» The records:
_ _ _
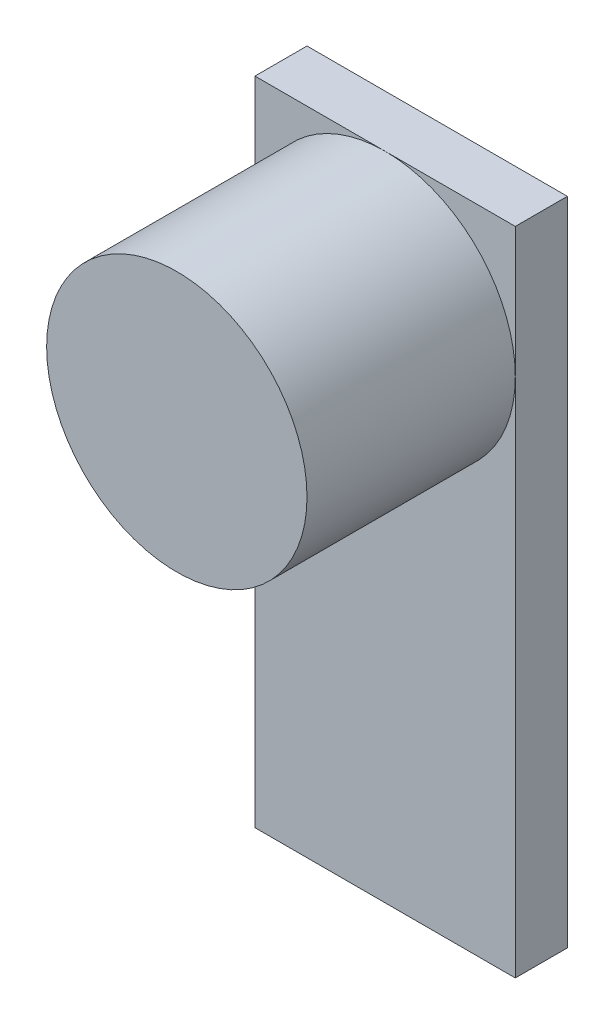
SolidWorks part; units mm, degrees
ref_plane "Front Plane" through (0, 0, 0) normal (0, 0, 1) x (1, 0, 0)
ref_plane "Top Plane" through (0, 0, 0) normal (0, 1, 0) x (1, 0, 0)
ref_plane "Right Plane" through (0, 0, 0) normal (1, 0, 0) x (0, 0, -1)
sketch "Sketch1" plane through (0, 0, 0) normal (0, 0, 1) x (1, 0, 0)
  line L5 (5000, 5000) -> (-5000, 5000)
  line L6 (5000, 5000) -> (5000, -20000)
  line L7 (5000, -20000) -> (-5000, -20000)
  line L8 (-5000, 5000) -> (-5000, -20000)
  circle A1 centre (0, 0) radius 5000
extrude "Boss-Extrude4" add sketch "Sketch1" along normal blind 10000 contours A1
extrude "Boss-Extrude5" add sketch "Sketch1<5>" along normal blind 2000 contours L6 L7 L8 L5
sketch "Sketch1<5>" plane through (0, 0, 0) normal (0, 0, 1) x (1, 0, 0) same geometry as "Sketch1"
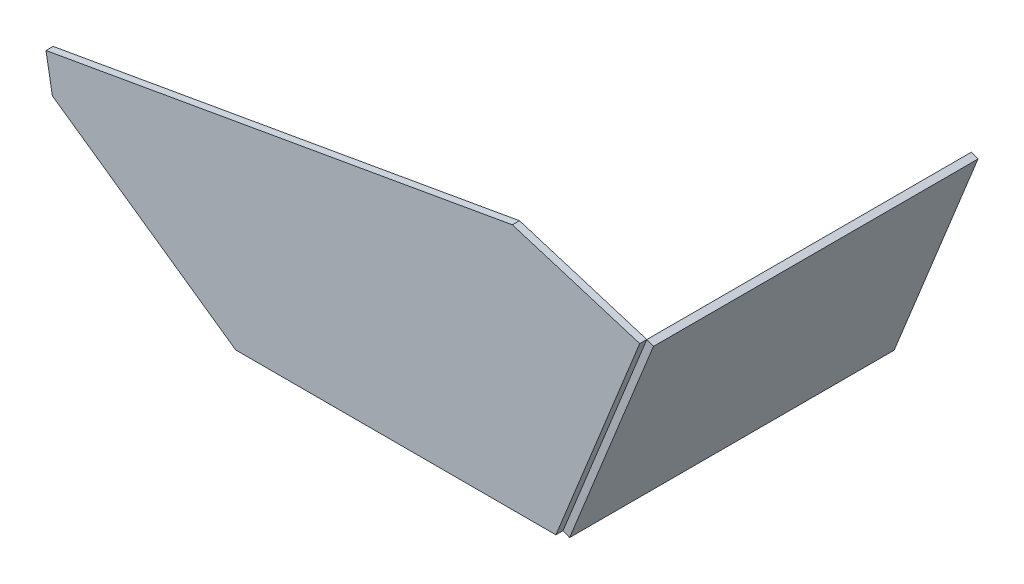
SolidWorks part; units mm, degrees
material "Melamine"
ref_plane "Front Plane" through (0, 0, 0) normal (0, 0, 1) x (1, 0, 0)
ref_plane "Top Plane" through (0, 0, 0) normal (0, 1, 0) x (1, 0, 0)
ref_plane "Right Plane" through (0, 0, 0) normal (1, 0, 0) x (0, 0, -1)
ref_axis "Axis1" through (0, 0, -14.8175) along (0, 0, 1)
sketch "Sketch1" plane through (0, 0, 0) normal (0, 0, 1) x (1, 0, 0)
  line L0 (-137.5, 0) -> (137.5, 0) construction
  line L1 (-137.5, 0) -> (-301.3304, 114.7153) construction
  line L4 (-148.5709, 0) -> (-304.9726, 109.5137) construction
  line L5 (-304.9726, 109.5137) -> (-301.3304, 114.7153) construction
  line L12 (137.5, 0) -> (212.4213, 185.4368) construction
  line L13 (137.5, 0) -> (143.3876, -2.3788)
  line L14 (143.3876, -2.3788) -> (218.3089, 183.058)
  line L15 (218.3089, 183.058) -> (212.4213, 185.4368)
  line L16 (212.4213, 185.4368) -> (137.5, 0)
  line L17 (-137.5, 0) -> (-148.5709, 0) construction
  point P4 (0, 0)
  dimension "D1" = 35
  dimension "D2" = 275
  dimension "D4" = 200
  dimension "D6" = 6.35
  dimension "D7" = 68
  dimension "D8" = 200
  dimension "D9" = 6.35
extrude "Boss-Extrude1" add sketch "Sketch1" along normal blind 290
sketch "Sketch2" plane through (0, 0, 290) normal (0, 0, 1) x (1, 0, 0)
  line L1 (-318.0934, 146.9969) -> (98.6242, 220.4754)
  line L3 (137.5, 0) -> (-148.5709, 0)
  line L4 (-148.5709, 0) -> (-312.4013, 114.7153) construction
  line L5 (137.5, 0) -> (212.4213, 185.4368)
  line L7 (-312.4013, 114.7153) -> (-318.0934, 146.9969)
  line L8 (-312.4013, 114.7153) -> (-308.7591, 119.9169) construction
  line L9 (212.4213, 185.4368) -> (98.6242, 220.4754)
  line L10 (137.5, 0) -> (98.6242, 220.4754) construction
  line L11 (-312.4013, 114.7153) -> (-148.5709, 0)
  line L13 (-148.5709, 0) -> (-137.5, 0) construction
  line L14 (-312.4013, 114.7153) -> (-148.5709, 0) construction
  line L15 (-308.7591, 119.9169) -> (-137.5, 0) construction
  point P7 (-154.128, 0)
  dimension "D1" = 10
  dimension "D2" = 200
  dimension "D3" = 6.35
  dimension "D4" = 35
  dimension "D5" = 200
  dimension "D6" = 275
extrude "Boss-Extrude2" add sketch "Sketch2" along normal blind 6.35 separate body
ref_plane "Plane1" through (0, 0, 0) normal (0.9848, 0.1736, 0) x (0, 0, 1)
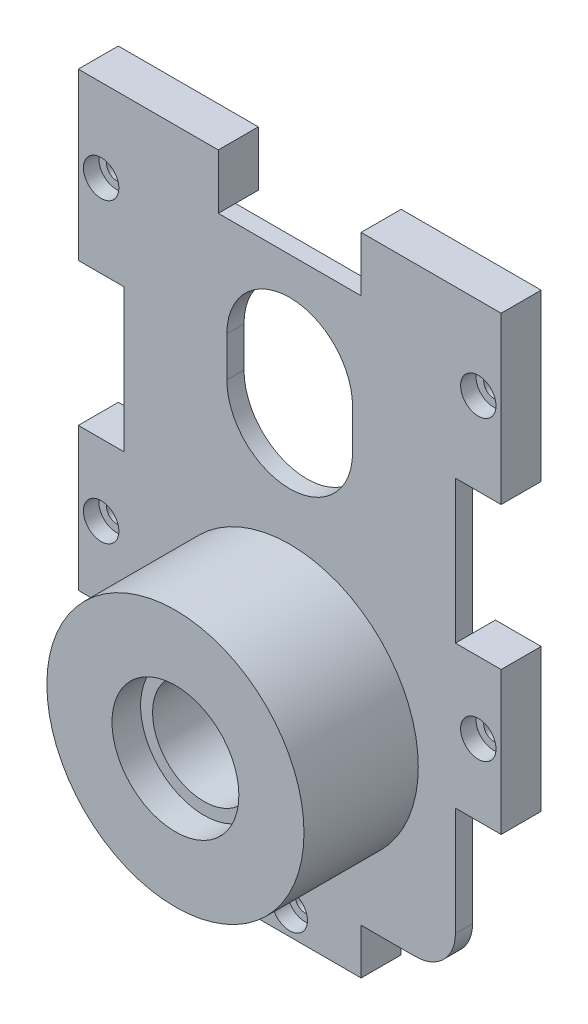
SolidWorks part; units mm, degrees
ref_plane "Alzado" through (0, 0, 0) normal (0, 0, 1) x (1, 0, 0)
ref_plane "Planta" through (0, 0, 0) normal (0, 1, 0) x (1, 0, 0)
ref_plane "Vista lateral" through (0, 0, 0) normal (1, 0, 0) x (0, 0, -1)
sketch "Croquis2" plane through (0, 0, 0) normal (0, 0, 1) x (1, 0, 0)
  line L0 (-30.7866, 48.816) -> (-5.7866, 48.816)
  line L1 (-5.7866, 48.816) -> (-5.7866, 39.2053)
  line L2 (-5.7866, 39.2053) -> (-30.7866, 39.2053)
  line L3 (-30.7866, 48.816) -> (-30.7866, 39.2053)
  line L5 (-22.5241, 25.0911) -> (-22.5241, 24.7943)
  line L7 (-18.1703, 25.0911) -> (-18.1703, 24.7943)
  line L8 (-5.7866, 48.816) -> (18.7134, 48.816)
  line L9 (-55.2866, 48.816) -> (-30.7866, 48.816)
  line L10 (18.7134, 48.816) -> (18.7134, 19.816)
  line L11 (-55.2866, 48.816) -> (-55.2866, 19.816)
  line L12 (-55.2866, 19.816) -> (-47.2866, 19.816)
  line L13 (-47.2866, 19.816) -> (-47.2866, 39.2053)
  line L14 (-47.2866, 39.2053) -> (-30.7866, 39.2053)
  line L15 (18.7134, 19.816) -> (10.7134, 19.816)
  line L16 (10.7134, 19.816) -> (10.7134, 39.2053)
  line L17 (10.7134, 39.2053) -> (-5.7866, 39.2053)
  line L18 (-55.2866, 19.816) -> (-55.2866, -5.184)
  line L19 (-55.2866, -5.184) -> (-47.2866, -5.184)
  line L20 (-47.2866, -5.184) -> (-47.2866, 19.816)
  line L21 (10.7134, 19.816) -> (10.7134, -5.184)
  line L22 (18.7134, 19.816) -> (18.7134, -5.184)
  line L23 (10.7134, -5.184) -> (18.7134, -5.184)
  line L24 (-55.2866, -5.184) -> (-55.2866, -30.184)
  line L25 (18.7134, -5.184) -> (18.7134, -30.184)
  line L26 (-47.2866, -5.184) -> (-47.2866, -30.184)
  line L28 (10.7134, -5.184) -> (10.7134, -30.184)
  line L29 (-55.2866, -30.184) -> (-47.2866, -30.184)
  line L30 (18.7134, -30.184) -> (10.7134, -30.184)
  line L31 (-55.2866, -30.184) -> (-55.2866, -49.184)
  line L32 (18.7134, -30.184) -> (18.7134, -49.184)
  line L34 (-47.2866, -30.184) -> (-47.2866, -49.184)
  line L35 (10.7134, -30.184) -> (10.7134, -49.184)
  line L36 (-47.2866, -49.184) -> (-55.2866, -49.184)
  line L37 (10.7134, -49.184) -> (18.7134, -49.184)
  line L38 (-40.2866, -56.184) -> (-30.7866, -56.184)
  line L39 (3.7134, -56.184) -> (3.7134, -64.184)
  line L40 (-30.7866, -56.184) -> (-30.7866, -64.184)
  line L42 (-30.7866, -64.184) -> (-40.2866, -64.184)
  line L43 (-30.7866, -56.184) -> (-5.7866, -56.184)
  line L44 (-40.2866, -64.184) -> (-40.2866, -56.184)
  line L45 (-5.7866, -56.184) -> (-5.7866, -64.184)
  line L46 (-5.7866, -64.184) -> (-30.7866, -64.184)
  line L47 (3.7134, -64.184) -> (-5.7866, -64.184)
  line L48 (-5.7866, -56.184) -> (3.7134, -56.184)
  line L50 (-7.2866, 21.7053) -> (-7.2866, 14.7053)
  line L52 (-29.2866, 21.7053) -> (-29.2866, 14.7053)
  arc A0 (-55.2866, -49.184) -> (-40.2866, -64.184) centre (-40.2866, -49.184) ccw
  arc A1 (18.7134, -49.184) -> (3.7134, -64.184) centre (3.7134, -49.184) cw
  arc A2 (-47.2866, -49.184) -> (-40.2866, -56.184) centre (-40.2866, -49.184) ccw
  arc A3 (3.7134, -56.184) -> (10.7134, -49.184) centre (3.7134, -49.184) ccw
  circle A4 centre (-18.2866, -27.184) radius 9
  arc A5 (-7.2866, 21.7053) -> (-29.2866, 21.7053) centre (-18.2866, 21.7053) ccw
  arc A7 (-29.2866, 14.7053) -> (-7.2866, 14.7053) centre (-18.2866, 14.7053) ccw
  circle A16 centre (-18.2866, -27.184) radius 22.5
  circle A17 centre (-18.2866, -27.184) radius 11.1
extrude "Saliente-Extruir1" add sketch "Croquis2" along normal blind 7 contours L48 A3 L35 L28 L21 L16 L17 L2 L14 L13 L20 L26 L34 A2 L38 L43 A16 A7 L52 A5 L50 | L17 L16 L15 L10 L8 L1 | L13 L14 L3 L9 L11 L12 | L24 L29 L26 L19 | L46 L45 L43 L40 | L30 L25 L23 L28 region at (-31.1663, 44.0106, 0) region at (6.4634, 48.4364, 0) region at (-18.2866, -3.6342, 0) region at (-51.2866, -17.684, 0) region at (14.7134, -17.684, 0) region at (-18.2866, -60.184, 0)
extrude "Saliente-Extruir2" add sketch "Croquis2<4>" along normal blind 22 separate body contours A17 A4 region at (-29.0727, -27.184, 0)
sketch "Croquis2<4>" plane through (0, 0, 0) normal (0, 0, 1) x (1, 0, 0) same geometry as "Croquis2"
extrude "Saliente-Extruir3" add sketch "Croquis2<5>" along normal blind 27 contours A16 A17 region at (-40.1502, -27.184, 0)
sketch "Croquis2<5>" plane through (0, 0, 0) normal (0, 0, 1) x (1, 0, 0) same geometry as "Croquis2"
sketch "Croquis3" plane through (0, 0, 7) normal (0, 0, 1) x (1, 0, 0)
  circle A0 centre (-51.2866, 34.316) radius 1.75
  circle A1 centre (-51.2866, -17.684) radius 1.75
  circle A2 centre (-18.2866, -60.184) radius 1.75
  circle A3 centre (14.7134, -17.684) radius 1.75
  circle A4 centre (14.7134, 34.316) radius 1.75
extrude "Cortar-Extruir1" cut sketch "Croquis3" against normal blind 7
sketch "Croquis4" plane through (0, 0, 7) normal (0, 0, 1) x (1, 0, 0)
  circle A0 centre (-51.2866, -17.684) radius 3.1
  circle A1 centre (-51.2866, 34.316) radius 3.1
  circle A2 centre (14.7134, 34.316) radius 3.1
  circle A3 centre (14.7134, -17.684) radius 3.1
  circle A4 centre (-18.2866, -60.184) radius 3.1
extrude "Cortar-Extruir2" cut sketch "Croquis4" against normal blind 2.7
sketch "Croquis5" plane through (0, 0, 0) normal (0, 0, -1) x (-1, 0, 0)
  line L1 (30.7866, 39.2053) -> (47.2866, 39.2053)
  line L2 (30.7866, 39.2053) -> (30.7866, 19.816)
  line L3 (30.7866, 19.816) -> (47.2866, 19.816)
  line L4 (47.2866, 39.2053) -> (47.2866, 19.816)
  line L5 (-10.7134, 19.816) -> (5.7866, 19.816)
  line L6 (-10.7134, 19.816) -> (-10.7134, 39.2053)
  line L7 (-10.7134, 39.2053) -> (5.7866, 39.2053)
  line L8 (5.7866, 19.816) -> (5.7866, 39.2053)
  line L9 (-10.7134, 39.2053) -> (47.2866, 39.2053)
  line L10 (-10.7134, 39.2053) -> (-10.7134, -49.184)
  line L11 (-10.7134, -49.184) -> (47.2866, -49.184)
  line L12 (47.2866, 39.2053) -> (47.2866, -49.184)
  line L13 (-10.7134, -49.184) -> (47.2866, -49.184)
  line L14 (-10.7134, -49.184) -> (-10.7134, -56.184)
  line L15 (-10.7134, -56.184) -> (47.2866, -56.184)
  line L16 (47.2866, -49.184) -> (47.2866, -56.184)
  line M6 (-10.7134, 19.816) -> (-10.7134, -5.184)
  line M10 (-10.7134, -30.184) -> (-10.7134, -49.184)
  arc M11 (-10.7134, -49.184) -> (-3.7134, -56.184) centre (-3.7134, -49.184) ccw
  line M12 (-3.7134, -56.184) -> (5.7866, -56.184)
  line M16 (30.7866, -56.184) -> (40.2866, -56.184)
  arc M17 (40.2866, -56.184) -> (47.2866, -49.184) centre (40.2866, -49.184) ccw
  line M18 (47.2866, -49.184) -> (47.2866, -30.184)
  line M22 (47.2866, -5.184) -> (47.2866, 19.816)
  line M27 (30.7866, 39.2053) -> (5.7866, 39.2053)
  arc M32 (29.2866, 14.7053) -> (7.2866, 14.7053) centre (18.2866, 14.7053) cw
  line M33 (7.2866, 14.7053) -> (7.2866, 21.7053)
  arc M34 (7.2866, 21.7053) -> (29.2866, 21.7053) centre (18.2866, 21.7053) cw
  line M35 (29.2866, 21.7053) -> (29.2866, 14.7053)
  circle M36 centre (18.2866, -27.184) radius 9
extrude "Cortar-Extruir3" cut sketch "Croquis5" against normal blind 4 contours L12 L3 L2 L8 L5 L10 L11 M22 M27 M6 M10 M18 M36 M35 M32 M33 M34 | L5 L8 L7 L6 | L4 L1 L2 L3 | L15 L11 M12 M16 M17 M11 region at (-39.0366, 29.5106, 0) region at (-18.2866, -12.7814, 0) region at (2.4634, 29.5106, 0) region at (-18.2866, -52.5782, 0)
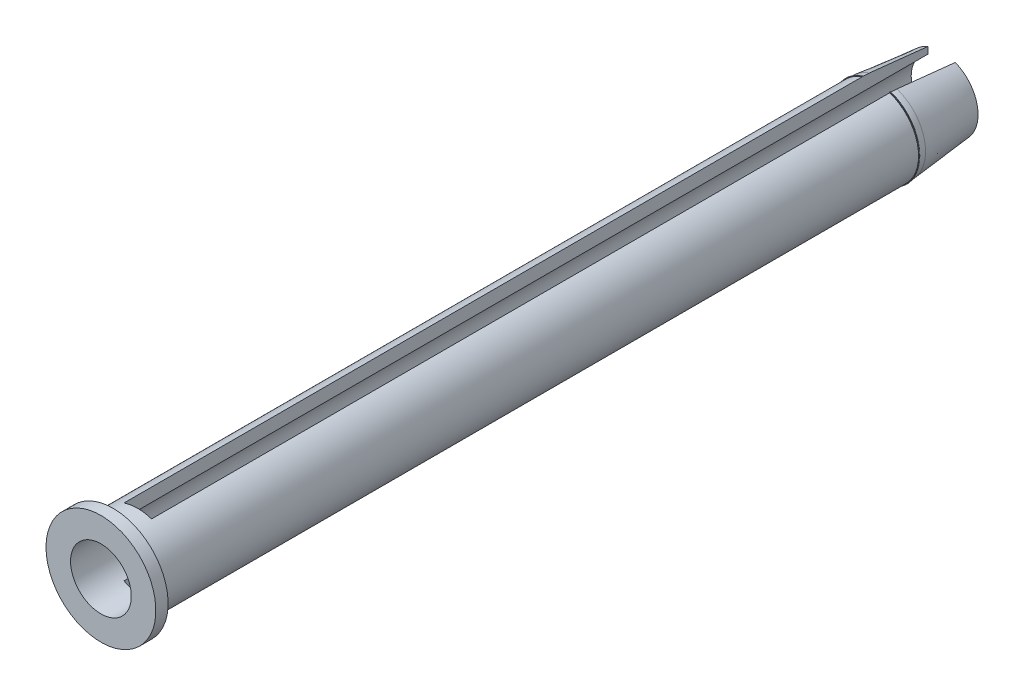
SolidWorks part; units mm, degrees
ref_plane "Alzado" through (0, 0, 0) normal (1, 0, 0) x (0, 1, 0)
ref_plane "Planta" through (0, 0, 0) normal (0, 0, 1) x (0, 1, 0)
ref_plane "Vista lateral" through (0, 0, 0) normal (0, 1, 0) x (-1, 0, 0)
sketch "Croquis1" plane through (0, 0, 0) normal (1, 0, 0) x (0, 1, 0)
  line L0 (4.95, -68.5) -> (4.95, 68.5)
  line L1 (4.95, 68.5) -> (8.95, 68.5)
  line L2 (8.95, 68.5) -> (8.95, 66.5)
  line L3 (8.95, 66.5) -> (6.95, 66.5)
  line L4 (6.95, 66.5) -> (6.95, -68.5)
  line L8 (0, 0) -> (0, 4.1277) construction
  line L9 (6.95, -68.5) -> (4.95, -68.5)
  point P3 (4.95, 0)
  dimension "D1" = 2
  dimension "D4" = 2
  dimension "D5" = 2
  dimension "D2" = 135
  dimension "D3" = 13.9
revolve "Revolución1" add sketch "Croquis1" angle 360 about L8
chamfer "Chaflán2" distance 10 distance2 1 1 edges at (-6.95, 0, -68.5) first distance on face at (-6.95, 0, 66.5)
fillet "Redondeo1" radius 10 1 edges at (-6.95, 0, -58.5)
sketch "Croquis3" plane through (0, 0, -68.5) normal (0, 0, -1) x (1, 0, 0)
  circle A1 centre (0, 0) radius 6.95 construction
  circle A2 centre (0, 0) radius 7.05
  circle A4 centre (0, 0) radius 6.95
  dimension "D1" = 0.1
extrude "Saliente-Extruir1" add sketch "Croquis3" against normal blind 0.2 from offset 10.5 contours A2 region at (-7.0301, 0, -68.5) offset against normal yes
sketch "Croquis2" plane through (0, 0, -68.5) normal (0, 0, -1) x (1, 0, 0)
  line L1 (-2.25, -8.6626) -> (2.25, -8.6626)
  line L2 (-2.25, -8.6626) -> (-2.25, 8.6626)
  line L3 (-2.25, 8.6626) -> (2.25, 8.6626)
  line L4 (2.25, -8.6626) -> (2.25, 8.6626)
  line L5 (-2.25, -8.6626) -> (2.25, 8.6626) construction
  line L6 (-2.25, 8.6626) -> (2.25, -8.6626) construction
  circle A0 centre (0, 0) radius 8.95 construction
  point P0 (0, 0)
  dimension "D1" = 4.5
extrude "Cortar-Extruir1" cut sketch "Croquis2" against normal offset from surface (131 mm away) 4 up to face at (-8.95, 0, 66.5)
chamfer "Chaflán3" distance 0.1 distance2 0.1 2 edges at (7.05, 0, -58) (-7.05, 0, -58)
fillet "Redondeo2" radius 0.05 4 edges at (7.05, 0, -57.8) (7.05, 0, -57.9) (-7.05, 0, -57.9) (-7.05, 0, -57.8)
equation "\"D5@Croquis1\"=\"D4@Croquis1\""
_ _ _
» What needs to be done:
Only the lines above starting at the line that holds "line L12 (137.5, 0)" and ending at the line that holds "line L16 (212.4213, 185.4368) -> (137.5, 0)" are to be repeated, exactly and in full.

» Output for this exercise:
  line L12 (137.5, 0) -> (212.4213, 185.4368) construction
  line L13 (137.5, 0) -> (143.3876, -2.3788)
  line L14 (143.3876, -2.3788) -> (218.3089, 183.058)
  line L15 (218.3089, 183.058) -> (212.4213, 185.4368)
  line L16 (212.4213, 185.4368) -> (137.5, 0)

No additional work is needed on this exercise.